**Exercise directions:** The answer must be one number: the count of lines in the data below that include "picture".

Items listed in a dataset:
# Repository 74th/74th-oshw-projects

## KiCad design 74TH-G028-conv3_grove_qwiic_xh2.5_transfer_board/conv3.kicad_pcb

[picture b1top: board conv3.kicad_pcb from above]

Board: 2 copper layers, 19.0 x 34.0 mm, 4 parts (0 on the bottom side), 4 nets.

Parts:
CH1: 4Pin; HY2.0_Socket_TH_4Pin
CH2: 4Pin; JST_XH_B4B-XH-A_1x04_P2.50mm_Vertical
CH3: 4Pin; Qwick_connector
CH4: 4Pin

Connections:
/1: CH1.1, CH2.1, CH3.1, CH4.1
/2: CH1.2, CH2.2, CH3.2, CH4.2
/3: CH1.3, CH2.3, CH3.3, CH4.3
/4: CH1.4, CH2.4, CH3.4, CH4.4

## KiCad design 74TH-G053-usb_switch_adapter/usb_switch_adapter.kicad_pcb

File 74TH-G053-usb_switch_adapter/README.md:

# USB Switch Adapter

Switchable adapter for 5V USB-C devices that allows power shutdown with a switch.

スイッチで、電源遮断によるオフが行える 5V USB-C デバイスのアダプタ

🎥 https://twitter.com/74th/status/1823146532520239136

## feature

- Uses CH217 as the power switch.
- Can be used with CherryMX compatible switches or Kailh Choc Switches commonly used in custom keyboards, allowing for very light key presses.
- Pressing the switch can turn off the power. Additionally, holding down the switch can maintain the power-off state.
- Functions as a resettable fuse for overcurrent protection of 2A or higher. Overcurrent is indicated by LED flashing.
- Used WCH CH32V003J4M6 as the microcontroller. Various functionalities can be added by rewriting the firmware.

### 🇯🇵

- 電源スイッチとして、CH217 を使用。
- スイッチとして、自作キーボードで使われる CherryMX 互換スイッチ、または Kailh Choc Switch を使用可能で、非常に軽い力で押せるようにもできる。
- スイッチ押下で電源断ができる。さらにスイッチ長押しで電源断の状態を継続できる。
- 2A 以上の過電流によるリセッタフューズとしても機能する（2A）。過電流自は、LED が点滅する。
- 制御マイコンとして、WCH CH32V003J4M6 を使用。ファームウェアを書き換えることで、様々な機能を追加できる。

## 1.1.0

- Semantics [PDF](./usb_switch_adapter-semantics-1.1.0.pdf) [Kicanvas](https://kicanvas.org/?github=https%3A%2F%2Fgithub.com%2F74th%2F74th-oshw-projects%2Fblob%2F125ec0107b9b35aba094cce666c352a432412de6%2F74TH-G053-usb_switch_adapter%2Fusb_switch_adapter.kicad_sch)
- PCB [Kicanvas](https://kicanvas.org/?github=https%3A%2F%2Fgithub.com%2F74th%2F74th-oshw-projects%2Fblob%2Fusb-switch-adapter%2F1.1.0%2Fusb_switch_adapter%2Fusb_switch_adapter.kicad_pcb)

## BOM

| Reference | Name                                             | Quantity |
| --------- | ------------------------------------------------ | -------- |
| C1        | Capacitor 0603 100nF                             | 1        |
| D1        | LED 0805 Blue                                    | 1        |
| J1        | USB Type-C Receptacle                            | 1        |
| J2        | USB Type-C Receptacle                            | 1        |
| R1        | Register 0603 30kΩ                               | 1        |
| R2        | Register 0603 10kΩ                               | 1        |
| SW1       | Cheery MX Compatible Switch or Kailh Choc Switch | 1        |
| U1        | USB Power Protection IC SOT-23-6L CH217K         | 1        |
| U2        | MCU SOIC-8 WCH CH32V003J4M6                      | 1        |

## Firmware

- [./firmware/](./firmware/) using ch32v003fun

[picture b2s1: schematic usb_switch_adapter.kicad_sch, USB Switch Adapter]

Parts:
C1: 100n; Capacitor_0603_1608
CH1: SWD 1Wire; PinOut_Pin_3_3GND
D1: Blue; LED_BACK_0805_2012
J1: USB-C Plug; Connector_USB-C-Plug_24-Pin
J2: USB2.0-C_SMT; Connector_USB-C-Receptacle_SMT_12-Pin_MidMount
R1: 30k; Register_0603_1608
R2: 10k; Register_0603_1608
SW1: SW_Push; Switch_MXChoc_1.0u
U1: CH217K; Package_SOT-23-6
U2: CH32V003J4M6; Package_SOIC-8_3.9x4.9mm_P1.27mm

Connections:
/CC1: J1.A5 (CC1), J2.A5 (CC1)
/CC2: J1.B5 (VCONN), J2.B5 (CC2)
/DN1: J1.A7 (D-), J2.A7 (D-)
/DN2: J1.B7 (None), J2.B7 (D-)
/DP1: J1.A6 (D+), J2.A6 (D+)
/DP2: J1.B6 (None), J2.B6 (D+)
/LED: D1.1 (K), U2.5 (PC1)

**Response to the exercise:** 2